I have to disappoint you. I have racked my brain for what we might do but for anything I thought of I ran across two stumbling blocks. One was wondering what else the collaborators in the Pruitt case might have done. The other was thinking of my own collaborators and how I might behave differently in the future.
My conclusion was that, no, we cannot be constantly checking our collaborators’ data. No, we cannot ask that they show us their raw data. No, we cannot identify a flawed personality type that cheats. We are stuck. These techniques might work occasionally, but basically they will not work. They did not break open the Pruitt case. That, apparently, was thanks to an internal whistle blower with inside knowledge of the problem (see previous links).
Or are we stuck when it comes to our collaborators? I think there are only two possible solutions. The first is to stop collaborating. Collect all your data yourself. Then you will be sure of its accuracy. But what would that do to science? How greatly that would slow down progress?
What is the other solution? It is easy, but flawed. But it is the best option, by far. It will not avoid any of the pain the Pruitt collaborators are currently suffering. But it is best for science. It is to simply trust your collaborators.
Odds are they are trustworthy. In most cases they are either replicating something you are doing but somewhere else, as with the big ecology experiments where plant communities are studied in similar ways all over the globe. Or they are providing an expertise in something you are not skilled in and have no hope of ever learning on top of everything else you do. In neither of these cases can you check their data in any meaningful way.
And no, trustworthiness does not increase with the number of beers you have shared with a collaborator. Cooperation, new ideas, and scientific fun may increase, but not necessarily good data.
For some people some of those collaborators will provide flawed data. Should we limit the potential impact of this possibility by not collaborating too much with any one person? Here again, I would say no. I have spent much of my career collaborating mostly with one person and with a lot of others in addition. I know of other very productive long-term completely trustworthy collaborations.
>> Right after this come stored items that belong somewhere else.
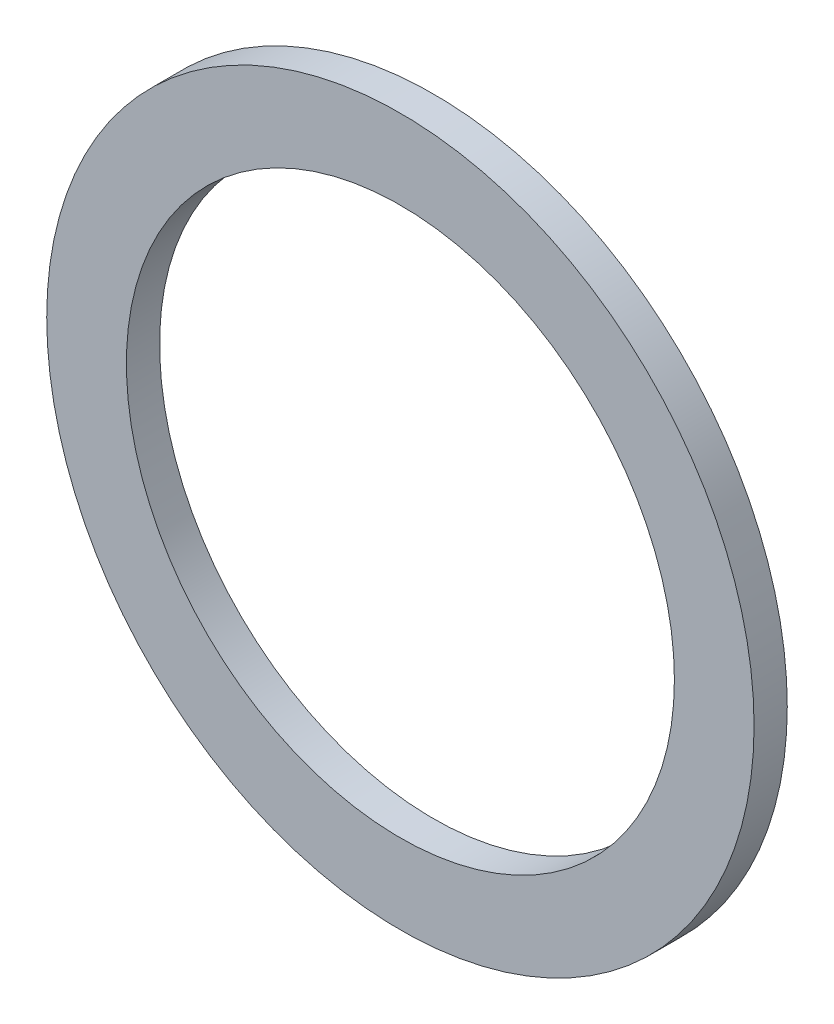
ISO-10303-21;
HEADER;
FILE_DESCRIPTION(('STEP AP214'),'2;1');
FILE_NAME('part.step','',(''),(''),'','','');
FILE_SCHEMA(('AUTOMOTIVE_DESIGN { 1 0 10303 214 1 1 1 1 }'));
ENDSEC;
DATA;
#1=APPLICATION_CONTEXT('core data for automotive mechanical design processes');
#2=APPLICATION_PROTOCOL_DEFINITION('international standard','automotive_design',2000,#1);
#3=PRODUCT_CONTEXT('',#1,'mechanical');
#4=PRODUCT('Part','Part','',(#3));
#5=PRODUCT_RELATED_PRODUCT_CATEGORY('part','',(#4));
#6=PRODUCT_DEFINITION_FORMATION('','',#4);
#7=PRODUCT_DEFINITION_CONTEXT('part definition',#1,'design');
#8=PRODUCT_DEFINITION('design','',#6,#7);
#9=PRODUCT_DEFINITION_SHAPE('','',#8);
#10=(LENGTH_UNIT() NAMED_UNIT(*) SI_UNIT(.MILLI.,.METRE.));
#11=(NAMED_UNIT(*) PLANE_ANGLE_UNIT() SI_UNIT($,.RADIAN.));
#12=(NAMED_UNIT(*) SI_UNIT($,.STERADIAN.) SOLID_ANGLE_UNIT());
#13=UNCERTAINTY_MEASURE_WITH_UNIT(LENGTH_MEASURE(1.E-05),#10,'distance_accuracy_value','');
#14=(GEOMETRIC_REPRESENTATION_CONTEXT(3) GLOBAL_UNCERTAINTY_ASSIGNED_CONTEXT((#13)) GLOBAL_UNIT_ASSIGNED_CONTEXT((#10,
#11,#12)) REPRESENTATION_CONTEXT('',''));
#15=CARTESIAN_POINT('',(0.,0.,0.));
#16=DIRECTION('',(0.,0.,1.));
#17=DIRECTION('',(1.,0.,0.));
#18=AXIS2_PLACEMENT_3D('',#15,#16,#17);
#19=CARTESIAN_POINT('',(0.,0.,0.5));
#20=DIRECTION('',(0.,0.,1.));
#21=DIRECTION('',(1.,0.,0.));
#22=AXIS2_PLACEMENT_3D('',#19,#20,#21);
#23=PLANE('',#22);
#24=CARTESIAN_POINT('',(0.,0.,0.5));
#25=DIRECTION('',(0.,0.,1.));
#26=DIRECTION('',(1.,0.,0.));
#27=AXIS2_PLACEMENT_3D('',#24,#25,#26);
#28=CIRCLE('',#27,5.327);
#29=CARTESIAN_POINT('',(5.327,0.,0.5));
#30=VERTEX_POINT('',#29);
#31=EDGE_CURVE('E10',#30,#30,#28,.T.);
#32=ORIENTED_EDGE('',*,*,#31,.T.);
#33=EDGE_LOOP('',(#32));
#34=FACE_BOUND('',#33,.T.);
#35=CARTESIAN_POINT('',(0.,0.,0.5));
#36=DIRECTION('',(0.,0.,1.));
#37=DIRECTION('',(1.,0.,0.));
#38=AXIS2_PLACEMENT_3D('',#35,#36,#37);
#39=CIRCLE('',#38,4.127);
#40=CARTESIAN_POINT('',(4.127,0.,0.5));
#41=VERTEX_POINT('',#40);
#42=EDGE_CURVE('E56',#41,#41,#39,.T.);
#43=ORIENTED_EDGE('',*,*,#42,.F.);
#44=EDGE_LOOP('',(#43));
#45=FACE_BOUND('',#44,.T.);
#46=ADVANCED_FACE('F43',(#34,#45),#23,.T.);
#47=CARTESIAN_POINT('',(0.,0.,0.));
#48=DIRECTION('',(0.,0.,1.));
#49=DIRECTION('',(1.,0.,0.));
#50=AXIS2_PLACEMENT_3D('',#47,#48,#49);
#51=PLANE('',#50);
#52=CARTESIAN_POINT('',(0.,0.,0.));
#53=DIRECTION('',(0.,0.,1.));
#54=DIRECTION('',(1.,0.,0.));
#55=AXIS2_PLACEMENT_3D('',#52,#53,#54);
#56=CIRCLE('',#55,5.327);
#57=CARTESIAN_POINT('',(5.327,0.,0.));
#58=VERTEX_POINT('',#57);
#59=EDGE_CURVE('E47',#58,#58,#56,.T.);
#60=ORIENTED_EDGE('',*,*,#59,.F.);
#61=EDGE_LOOP('',(#60));
#62=FACE_BOUND('',#61,.T.);
#63=CARTESIAN_POINT('',(0.,0.,0.));
#64=DIRECTION('',(0.,0.,1.));
#65=DIRECTION('',(1.,0.,0.));
#66=AXIS2_PLACEMENT_3D('',#63,#64,#65);
#67=CIRCLE('',#66,4.127);
#68=CARTESIAN_POINT('',(4.127,0.,0.));
#69=VERTEX_POINT('',#68);
#70=EDGE_CURVE('E58',#69,#69,#67,.T.);
#71=ORIENTED_EDGE('',*,*,#70,.T.);
#72=EDGE_LOOP('',(#71));
#73=FACE_BOUND('',#72,.T.);
#74=ADVANCED_FACE('F70',(#62,#73),#51,.F.);
#75=CARTESIAN_POINT('',(0.,0.,0.5));
#76=DIRECTION('',(0.,0.,-1.));
#77=DIRECTION('',(-1.,0.,0.));
#78=AXIS2_PLACEMENT_3D('',#75,#76,#77);
#79=CYLINDRICAL_SURFACE('',#78,5.327);
#80=ORIENTED_EDGE('',*,*,#31,.F.);
#81=EDGE_LOOP('',(#80));
#82=FACE_BOUND('',#81,.T.);
#83=ORIENTED_EDGE('',*,*,#59,.T.);
#84=EDGE_LOOP('',(#83));
#85=FACE_BOUND('',#84,.T.);
#86=ADVANCED_FACE('F45',(#82,#85),#79,.T.);
#87=CARTESIAN_POINT('',(0.,0.,0.5));
#88=DIRECTION('',(0.,0.,-1.));
#89=DIRECTION('',(-1.,0.,0.));
#90=AXIS2_PLACEMENT_3D('',#87,#88,#89);
#91=CYLINDRICAL_SURFACE('',#90,4.127);
#92=ORIENTED_EDGE('',*,*,#42,.T.);
#93=EDGE_LOOP('',(#92));
#94=FACE_BOUND('',#93,.T.);
#95=ORIENTED_EDGE('',*,*,#70,.F.);
#96=EDGE_LOOP('',(#95));
#97=FACE_BOUND('',#96,.T.);
#98=ADVANCED_FACE('F66',(#94,#97),#91,.F.);
#99=CLOSED_SHELL('',(#46,#74,#86,#98));
#100=MANIFOLD_SOLID_BREP('B2',#99);
#101=ADVANCED_BREP_SHAPE_REPRESENTATION('',(#18,#100),#14);
#102=SHAPE_DEFINITION_REPRESENTATION(#9,#101);
ENDSEC;
END-ISO-10303-21;
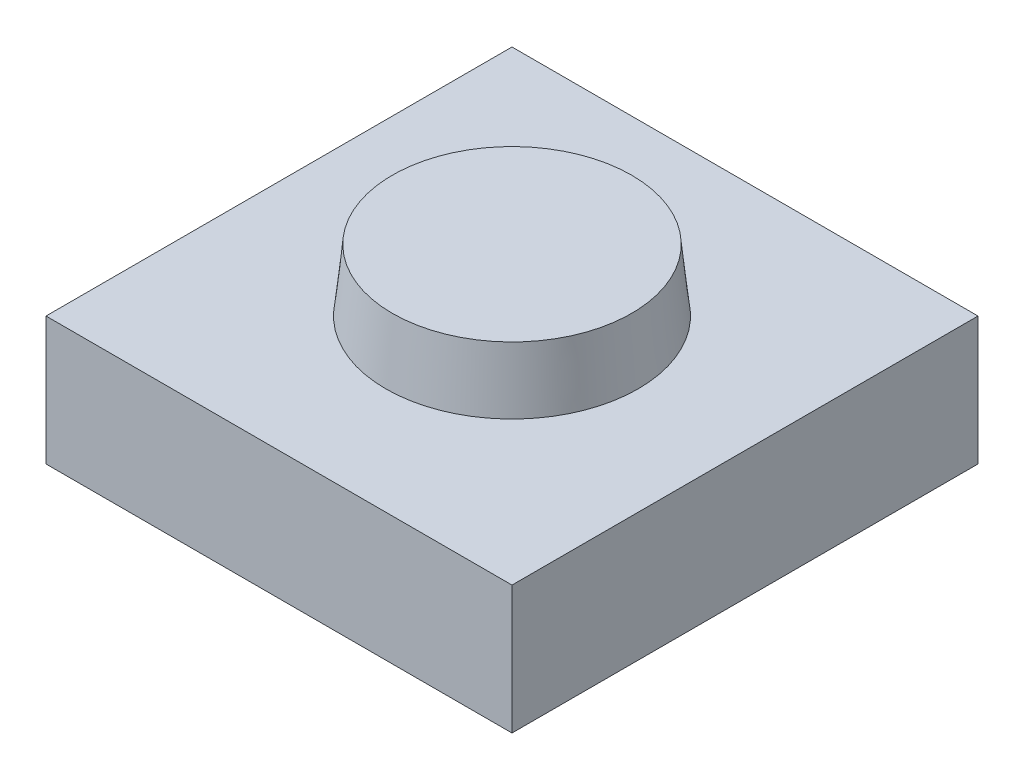
ISO-10303-21;
HEADER;
FILE_DESCRIPTION(('STEP AP214'),'2;1');
FILE_NAME('part.step','',(''),(''),'','','');
FILE_SCHEMA(('AUTOMOTIVE_DESIGN { 1 0 10303 214 1 1 1 1 }'));
ENDSEC;
DATA;
#1=APPLICATION_CONTEXT('core data for automotive mechanical design processes');
#2=APPLICATION_PROTOCOL_DEFINITION('international standard','automotive_design',2000,#1);
#3=PRODUCT_CONTEXT('',#1,'mechanical');
#4=PRODUCT('Part','Part','',(#3));
#5=PRODUCT_RELATED_PRODUCT_CATEGORY('part','',(#4));
#6=PRODUCT_DEFINITION_FORMATION('','',#4);
#7=PRODUCT_DEFINITION_CONTEXT('part definition',#1,'design');
#8=PRODUCT_DEFINITION('design','',#6,#7);
#9=PRODUCT_DEFINITION_SHAPE('','',#8);
#10=(LENGTH_UNIT() NAMED_UNIT(*) SI_UNIT(.MILLI.,.METRE.));
#11=(NAMED_UNIT(*) PLANE_ANGLE_UNIT() SI_UNIT($,.RADIAN.));
#12=(NAMED_UNIT(*) SI_UNIT($,.STERADIAN.) SOLID_ANGLE_UNIT());
#13=UNCERTAINTY_MEASURE_WITH_UNIT(LENGTH_MEASURE(1.E-05),#10,'distance_accuracy_value','');
#14=(GEOMETRIC_REPRESENTATION_CONTEXT(3) GLOBAL_UNCERTAINTY_ASSIGNED_CONTEXT((#13)) GLOBAL_UNIT_ASSIGNED_CONTEXT((#10,
#11,#12)) REPRESENTATION_CONTEXT('',''));
#15=CARTESIAN_POINT('',(0.,0.,0.));
#16=DIRECTION('',(0.,0.,1.));
#17=DIRECTION('',(1.,0.,0.));
#18=AXIS2_PLACEMENT_3D('',#15,#16,#17);
#19=CARTESIAN_POINT('',(-6.,3.3,6.));
#20=DIRECTION('',(1.,0.,0.));
#21=DIRECTION('',(0.,0.,-1.));
#22=AXIS2_PLACEMENT_3D('',#19,#20,#21);
#23=PLANE('',#22);
#24=DIRECTION('',(0.,0.,1.));
#25=VECTOR('',#24,1.);
#26=CARTESIAN_POINT('',(-6.,0.,6.));
#27=LINE('',#26,#25);
#28=CARTESIAN_POINT('',(-6.,0.,-6.));
#29=VERTEX_POINT('',#28);
#30=CARTESIAN_POINT('',(-6.,0.,6.));
#31=VERTEX_POINT('',#30);
#32=EDGE_CURVE('E96',#29,#31,#27,.T.);
#33=ORIENTED_EDGE('',*,*,#32,.T.);
#34=DIRECTION('',(0.,-1.,0.));
#35=VECTOR('',#34,1.);
#36=CARTESIAN_POINT('',(-6.,3.3,6.));
#37=LINE('',#36,#35);
#38=CARTESIAN_POINT('',(-6.,3.3,6.));
#39=VERTEX_POINT('',#38);
#40=EDGE_CURVE('E11',#39,#31,#37,.T.);
#41=ORIENTED_EDGE('',*,*,#40,.F.);
#42=DIRECTION('',(0.,0.,1.));
#43=VECTOR('',#42,1.);
#44=CARTESIAN_POINT('',(-6.,3.3,6.));
#45=LINE('',#44,#43);
#46=CARTESIAN_POINT('',(-6.,3.3,-6.));
#47=VERTEX_POINT('',#46);
#48=EDGE_CURVE('E84',#47,#39,#45,.T.);
#49=ORIENTED_EDGE('',*,*,#48,.F.);
#50=DIRECTION('',(0.,-1.,0.));
#51=VECTOR('',#50,1.);
#52=CARTESIAN_POINT('',(-6.,3.3,-6.));
#53=LINE('',#52,#51);
#54=EDGE_CURVE('E92',#47,#29,#53,.T.);
#55=ORIENTED_EDGE('',*,*,#54,.T.);
#56=EDGE_LOOP('',(#33,#41,#49,#55));
#57=FACE_BOUND('',#56,.T.);
#58=ADVANCED_FACE('F33',(#57),#23,.F.);
#59=CARTESIAN_POINT('',(6.,3.3,6.));
#60=DIRECTION('',(0.,0.,-1.));
#61=DIRECTION('',(-1.,0.,0.));
#62=AXIS2_PLACEMENT_3D('',#59,#60,#61);
#63=PLANE('',#62);
#64=DIRECTION('',(1.,0.,0.));
#65=VECTOR('',#64,1.);
#66=CARTESIAN_POINT('',(6.,0.,6.));
#67=LINE('',#66,#65);
#68=CARTESIAN_POINT('',(6.,0.,6.));
#69=VERTEX_POINT('',#68);
#70=EDGE_CURVE('E88',#31,#69,#67,.T.);
#71=ORIENTED_EDGE('',*,*,#70,.T.);
#72=DIRECTION('',(0.,-1.,0.));
#73=VECTOR('',#72,1.);
#74=CARTESIAN_POINT('',(6.,3.3,6.));
#75=LINE('',#74,#73);
#76=CARTESIAN_POINT('',(6.,3.3,6.));
#77=VERTEX_POINT('',#76);
#78=EDGE_CURVE('E41',#77,#69,#75,.T.);
#79=ORIENTED_EDGE('',*,*,#78,.F.);
#80=DIRECTION('',(1.,0.,0.));
#81=VECTOR('',#80,1.);
#82=CARTESIAN_POINT('',(6.,3.3,6.));
#83=LINE('',#82,#81);
#84=EDGE_CURVE('E79',#39,#77,#83,.T.);
#85=ORIENTED_EDGE('',*,*,#84,.F.);
#86=ORIENTED_EDGE('',*,*,#40,.T.);
#87=EDGE_LOOP('',(#71,#79,#85,#86));
#88=FACE_BOUND('',#87,.T.);
#89=ADVANCED_FACE('F87',(#88),#63,.F.);
#90=CARTESIAN_POINT('',(6.,3.3,6.));
#91=DIRECTION('',(-1.,0.,0.));
#92=DIRECTION('',(0.,0.,1.));
#93=AXIS2_PLACEMENT_3D('',#90,#91,#92);
#94=PLANE('',#93);
#95=DIRECTION('',(0.,0.,-1.));
#96=VECTOR('',#95,1.);
#97=CARTESIAN_POINT('',(6.,0.,6.));
#98=LINE('',#97,#96);
#99=CARTESIAN_POINT('',(6.,0.,-6.));
#100=VERTEX_POINT('',#99);
#101=EDGE_CURVE('E66',#69,#100,#98,.T.);
#102=ORIENTED_EDGE('',*,*,#101,.T.);
#103=DIRECTION('',(0.,-1.,0.));
#104=VECTOR('',#103,1.);
#105=CARTESIAN_POINT('',(6.,3.3,-6.));
#106=LINE('',#105,#104);
#107=CARTESIAN_POINT('',(6.,3.3,-6.));
#108=VERTEX_POINT('',#107);
#109=EDGE_CURVE('E89',#108,#100,#106,.T.);
#110=ORIENTED_EDGE('',*,*,#109,.F.);
#111=DIRECTION('',(0.,0.,-1.));
#112=VECTOR('',#111,1.);
#113=CARTESIAN_POINT('',(6.,3.3,6.));
#114=LINE('',#113,#112);
#115=EDGE_CURVE('E82',#77,#108,#114,.T.);
#116=ORIENTED_EDGE('',*,*,#115,.F.);
#117=ORIENTED_EDGE('',*,*,#78,.T.);
#118=EDGE_LOOP('',(#102,#110,#116,#117));
#119=FACE_BOUND('',#118,.T.);
#120=ADVANCED_FACE('F90',(#119),#94,.F.);
#121=CARTESIAN_POINT('',(6.,3.3,-6.));
#122=DIRECTION('',(0.,0.,1.));
#123=DIRECTION('',(1.,0.,0.));
#124=AXIS2_PLACEMENT_3D('',#121,#122,#123);
#125=PLANE('',#124);
#126=DIRECTION('',(-1.,0.,0.));
#127=VECTOR('',#126,1.);
#128=CARTESIAN_POINT('',(6.,0.,-6.));
#129=LINE('',#128,#127);
#130=EDGE_CURVE('E72',#100,#29,#129,.T.);
#131=ORIENTED_EDGE('',*,*,#130,.T.);
#132=ORIENTED_EDGE('',*,*,#54,.F.);
#133=DIRECTION('',(-1.,0.,0.));
#134=VECTOR('',#133,1.);
#135=CARTESIAN_POINT('',(6.,3.3,-6.));
#136=LINE('',#135,#134);
#137=EDGE_CURVE('E49',#108,#47,#136,.T.);
#138=ORIENTED_EDGE('',*,*,#137,.F.);
#139=ORIENTED_EDGE('',*,*,#109,.T.);
#140=EDGE_LOOP('',(#131,#132,#138,#139));
#141=FACE_BOUND('',#140,.T.);
#142=ADVANCED_FACE('F104',(#141),#125,.F.);
#143=CARTESIAN_POINT('',(0.,3.3,0.));
#144=DIRECTION('',(0.,1.,0.));
#145=DIRECTION('',(0.,0.,1.));
#146=AXIS2_PLACEMENT_3D('',#143,#144,#145);
#147=PLANE('',#146);
#148=CARTESIAN_POINT('',(0.,3.3,0.));
#149=DIRECTION('',(0.,1.,0.));
#150=DIRECTION('',(0.,0.,1.));
#151=AXIS2_PLACEMENT_3D('',#148,#149,#150);
#152=CIRCLE('',#151,3.25);
#153=CARTESIAN_POINT('',(0.,3.3,3.25));
#154=VERTEX_POINT('',#153);
#155=EDGE_CURVE('E112',#154,#154,#152,.T.);
#156=ORIENTED_EDGE('',*,*,#155,.F.);
#157=EDGE_LOOP('',(#156));
#158=FACE_BOUND('',#157,.T.);
#159=ORIENTED_EDGE('',*,*,#48,.T.);
#160=ORIENTED_EDGE('',*,*,#84,.T.);
#161=ORIENTED_EDGE('',*,*,#115,.T.);
#162=ORIENTED_EDGE('',*,*,#137,.T.);
#163=EDGE_LOOP('',(#159,#160,#161,#162));
#164=FACE_BOUND('',#163,.T.);
#165=ADVANCED_FACE('F80',(#158,#164),#147,.T.);
#166=CARTESIAN_POINT('',(0.,0.,0.));
#167=DIRECTION('',(0.,1.,0.));
#168=DIRECTION('',(0.,0.,1.));
#169=AXIS2_PLACEMENT_3D('',#166,#167,#168);
#170=PLANE('',#169);
#171=ORIENTED_EDGE('',*,*,#32,.F.);
#172=ORIENTED_EDGE('',*,*,#130,.F.);
#173=ORIENTED_EDGE('',*,*,#101,.F.);
#174=ORIENTED_EDGE('',*,*,#70,.F.);
#175=EDGE_LOOP('',(#171,#172,#173,#174));
#176=FACE_BOUND('',#175,.T.);
#177=ADVANCED_FACE('F107',(#176),#170,.F.);
#178=CARTESIAN_POINT('',(0.,3.3,0.));
#179=DIRECTION('',(0.,-1.,0.));
#180=DIRECTION('',(0.,0.,1.));
#181=AXIS2_PLACEMENT_3D('',#178,#179,#180);
#182=CONICAL_SURFACE('',#181,3.25,0.10471975511966);
#183=CARTESIAN_POINT('',(0.,4.9,0.));
#184=DIRECTION('',(0.,1.,0.));
#185=DIRECTION('',(0.,0.,1.));
#186=AXIS2_PLACEMENT_3D('',#183,#184,#185);
#187=CIRCLE('',#186,3.08183322357492);
#188=CARTESIAN_POINT('',(0.,4.9,3.08183322357492));
#189=VERTEX_POINT('',#188);
#190=EDGE_CURVE('E99',#189,#189,#187,.T.);
#191=ORIENTED_EDGE('',*,*,#190,.F.);
#192=EDGE_LOOP('',(#191));
#193=FACE_BOUND('',#192,.T.);
#194=ORIENTED_EDGE('',*,*,#155,.T.);
#195=EDGE_LOOP('',(#194));
#196=FACE_BOUND('',#195,.T.);
#197=ADVANCED_FACE('F116',(#193,#196),#182,.T.);
#198=CARTESIAN_POINT('',(0.,4.9,0.));
#199=DIRECTION('',(0.,1.,0.));
#200=DIRECTION('',(0.,0.,1.));
#201=AXIS2_PLACEMENT_3D('',#198,#199,#200);
#202=PLANE('',#201);
#203=ORIENTED_EDGE('',*,*,#190,.T.);
#204=EDGE_LOOP('',(#203));
#205=FACE_BOUND('',#204,.T.);
#206=ADVANCED_FACE('F160',(#205),#202,.T.);
#207=CLOSED_SHELL('',(#58,#89,#120,#142,#165,#177,#197,#206));
#208=MANIFOLD_SOLID_BREP('B2',#207);
#209=ADVANCED_BREP_SHAPE_REPRESENTATION('',(#18,#208),#14);
#210=SHAPE_DEFINITION_REPRESENTATION(#9,#209);
ENDSEC;
END-ISO-10303-21;

So I suggest a simple personal solution. Trust your collaborators. But what does that mean for science when someone turns out to be fraudulent? Where is the protection there? Here again I have an answer. It is that no important idea should be validated by work from just one lab or one set of collaborators.
We should think hard about this and keep track of what truths have come from just one group. If they are close to your field, spend some time redoing, or doing similar experiments so that science progresses on a firm foundation. And of course, remember to be absolutely trustworthy yourself. I hope someone will let us know what to now believe about spider social personalities.